La thèse proposée sera consacrée entièrement à l'expérience RICOCHET à l'ILL. Le point le plus crucial est le bruit de fond. En effet, en raison de la présence d'expériences voisines, les bruits de fond gamma et neutron sont particulièrement hauts, notamment à basse énergie. Le ou la doctorante participera aux études du bruit de fond à l'aide de simulations et d'extrapolations des données existantes. En particulier, il ou elle aura en charge la caractérisation du veto muon, indispensable pour rejeter les événements induits pas le rayonnement cosmique.
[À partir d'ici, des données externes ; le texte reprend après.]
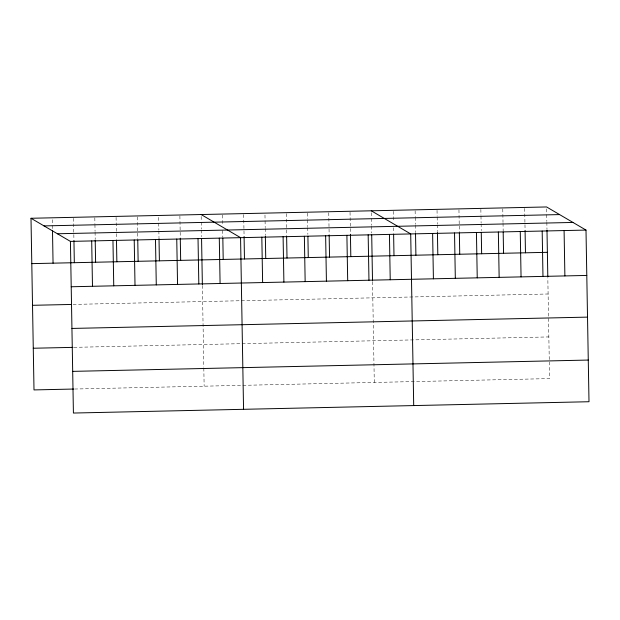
<?xml version="1.0" encoding="UTF-8"?>
<svg xmlns="http://www.w3.org/2000/svg" width="620" height="620" viewBox="0 0 620 620"><rect width="100%" height="100%" fill="white"/><g stroke="black" fill="none" stroke-linecap="round" stroke-linejoin="round"><path stroke-width="0.46" stroke-dasharray="3.1 2.33" d="M73.121 304.412L548.103 293.988M73.873 347.347L548.855 336.923M74.602 389.027L549.583 378.603L547.824 277.892M546.615 208.886L546.701 213.714M546.724 214.675L546.84 221.433M546.856 222.394L546.972 229.152M524.691 208.397L525.078 230.601M502.781 208.886L503.014 222.394M503.029 223.363L503.169 231.082M480.864 209.366L480.965 215.156M480.981 216.117L481.104 222.874M481.12 223.843L481.236 230.594M458.955 209.847L459.343 232.043M437.038 210.327L437.139 216.117M437.162 217.078L437.278 223.835M437.294 224.804L437.41 231.554M415.129 210.808L415.229 216.597M415.245 217.558L415.361 224.316M415.385 225.285L415.501 232.035M393.212 211.288L393.398 221.906M393.499 227.695L393.599 233.484M371.318 212.73L371.403 217.558M371.419 218.527L371.543 225.277M371.558 226.246L371.675 233.004M372.527 281.736L374.286 382.447M350.037 212.234L350.424 234.43M328.771 212.699L329.135 233.934M307.497 213.164L307.597 218.961M307.621 219.922L307.737 226.68M307.753 227.641L307.869 234.399M286.231 213.637L286.618 235.833M264.98 215.062L265.065 219.891M265.081 220.86L265.197 227.61M265.213 228.578L265.337 235.337M243.699 214.567L244.086 236.763M222.425 215.031L222.611 225.649M222.696 230.477L222.812 237.235M201.174 216.465L201.26 221.294M201.275 222.254L201.399 229.013M201.415 229.981L201.531 236.731M202.383 285.471L203.81 367.242M203.825 368.187L204.143 386.183M179.893 215.969L180.265 237.197M158.642 217.403L158.728 222.224M158.743 223.192L158.859 229.942M158.875 230.911L158.991 237.669M137.353 216.899L137.741 239.095M116.087 217.364L116.475 239.568M94.821 217.837L94.922 223.626M94.938 224.587L95.054 231.345M95.077 232.314L95.193 239.064M73.555 218.302L73.919 239.537M52.305 219.736L52.382 224.556M52.406 225.525L52.468 229.385"/><path stroke-width="0.93" d="M31 218.271L546.584 206.956L586.001 230.082L589 401.729L73.416 413.044L70.416 241.397L31 218.271L33.999 389.918L73.633 389.042M44.005 225.905L559.596 214.59M57.412 233.763L572.996 222.448M70.416 241.397L586.001 230.082M31.791 263.632L547.375 252.317M71.207 286.758L586.799 275.443M32.519 305.303L71.192 304.459M71.935 328.437L587.52 317.122M33.271 348.238L72.904 347.371M72.687 371.372L588.271 360.057M371.287 210.8L410.704 233.934L413.703 405.581M201.144 214.536L240.56 237.662L243.559 409.308M564.091 230.562L564.882 275.923M546.987 230.121L547.809 276.938M542.182 231.043L542.973 276.404M525.078 230.601L525.466 252.797M520.265 231.524L521.056 276.884M503.184 232.043L503.556 253.278M498.356 232.012L499.146 277.373M481.267 232.523L481.639 253.758M476.439 232.492L477.237 277.853M459.358 233.004L459.73 254.239M454.53 232.973L455.32 278.334M437.425 232.523L437.813 254.719M432.621 233.453L433.411 278.814M415.516 233.004L415.904 255.2M393.623 234.453L393.987 255.68M389.438 234.399L390.228 279.76M371.706 234.934L372.512 280.79M368.172 234.864L368.962 280.224M350.424 234.43L350.812 256.626M346.898 235.329L347.696 280.69M329.158 234.895L329.546 257.099M325.632 235.802L326.422 281.162M307.908 236.328L308.272 257.563M304.366 236.267L305.156 281.627M286.634 236.794L287.006 258.029M283.1 236.731L283.89 282.092M265.352 236.297L265.74 258.494M261.826 237.197L262.624 282.557M244.086 236.763L244.474 258.966M222.836 238.196L223.2 259.431M219.294 238.134L220.085 283.495M201.562 238.661L202.368 284.526M198.028 238.599L198.819 283.96M180.281 238.165L180.668 260.361M176.754 239.064L177.553 284.425M159.014 238.63L159.402 260.826M155.488 239.529L156.279 284.89M137.764 240.064L138.128 261.299M134.222 240.002L135.013 285.363M116.49 240.529L116.862 261.764M112.956 240.467L113.747 285.828M95.209 240.033L95.596 262.229M91.69 240.932L92.481 286.293M73.943 240.498L74.33 262.694M52.491 230.346L53.056 263.167"/></g></svg>

Un autre aspect important concernera les performances du détecteur. La R&D sur les détecteurs Ge est menée par le laboratoire IP2I de Lyon et les premiers résultats sont très encourageants. Le ou la doctorante aura l'opportunité de contribuer à la caractérisation des détecteurs. Ensuite, le ou la doctorante sera impliquée dans l'installation de l'expérience à l'ILL prévue en septembre 2022 et dans la validation des premières données. Enfin, il ou elle analysera les données pour obtenir les premiers résultats de physique.
Profil recherché :
Pour mener à bien ce projet, le ou la candidate doit être diplômé d'un master en physique des particules lui permettant de posséder les connaissances nécessaires aussi bien théoriques qu'expérimentales.
Le ou la candidate doit avoir des compétences en simulation Monte-Carlo, une expérience avec le code GEANT4 serait très appréciée.
Il ou elle doit aussi avoir des compétences en analyse de données pour interpréter le résultat des simulations et pour analyser les premières données de l'expérience.
Les aspects informatiques sont présents dans différentes activités prévues de la thèse. Une bonne maîtrise des langages de programmation C++ et/ou python est souhaitable.
Enfin, le ou la candidate doit avoir un intérêt pour la physique expérimentale pour aborder les différentes activités proposées avec motivation.

Contexte de travail

Le laboratoire de Physique Subatomique et de Cosmologie de Grenoble (LPSC) (http://lpsc.in2p3.fr) est une unité mixte de recherche associant le CNRS-IN2P3, l'Université Grenoble Alpes (UGA) et l'école Grenoble INP, pour un effectif moyen d'environ 230 personnes. Le ou la doctorante sera affecté́(e) à l'équipe Neutrino composée de 7 agents du LPSC. Son directeur de thèse sera Jacob LAMBLIN.

Contraintes et risques

Le ou la doctorante sera amené(e) à intervenir à l'ILL et à utiliser des sources radioactives.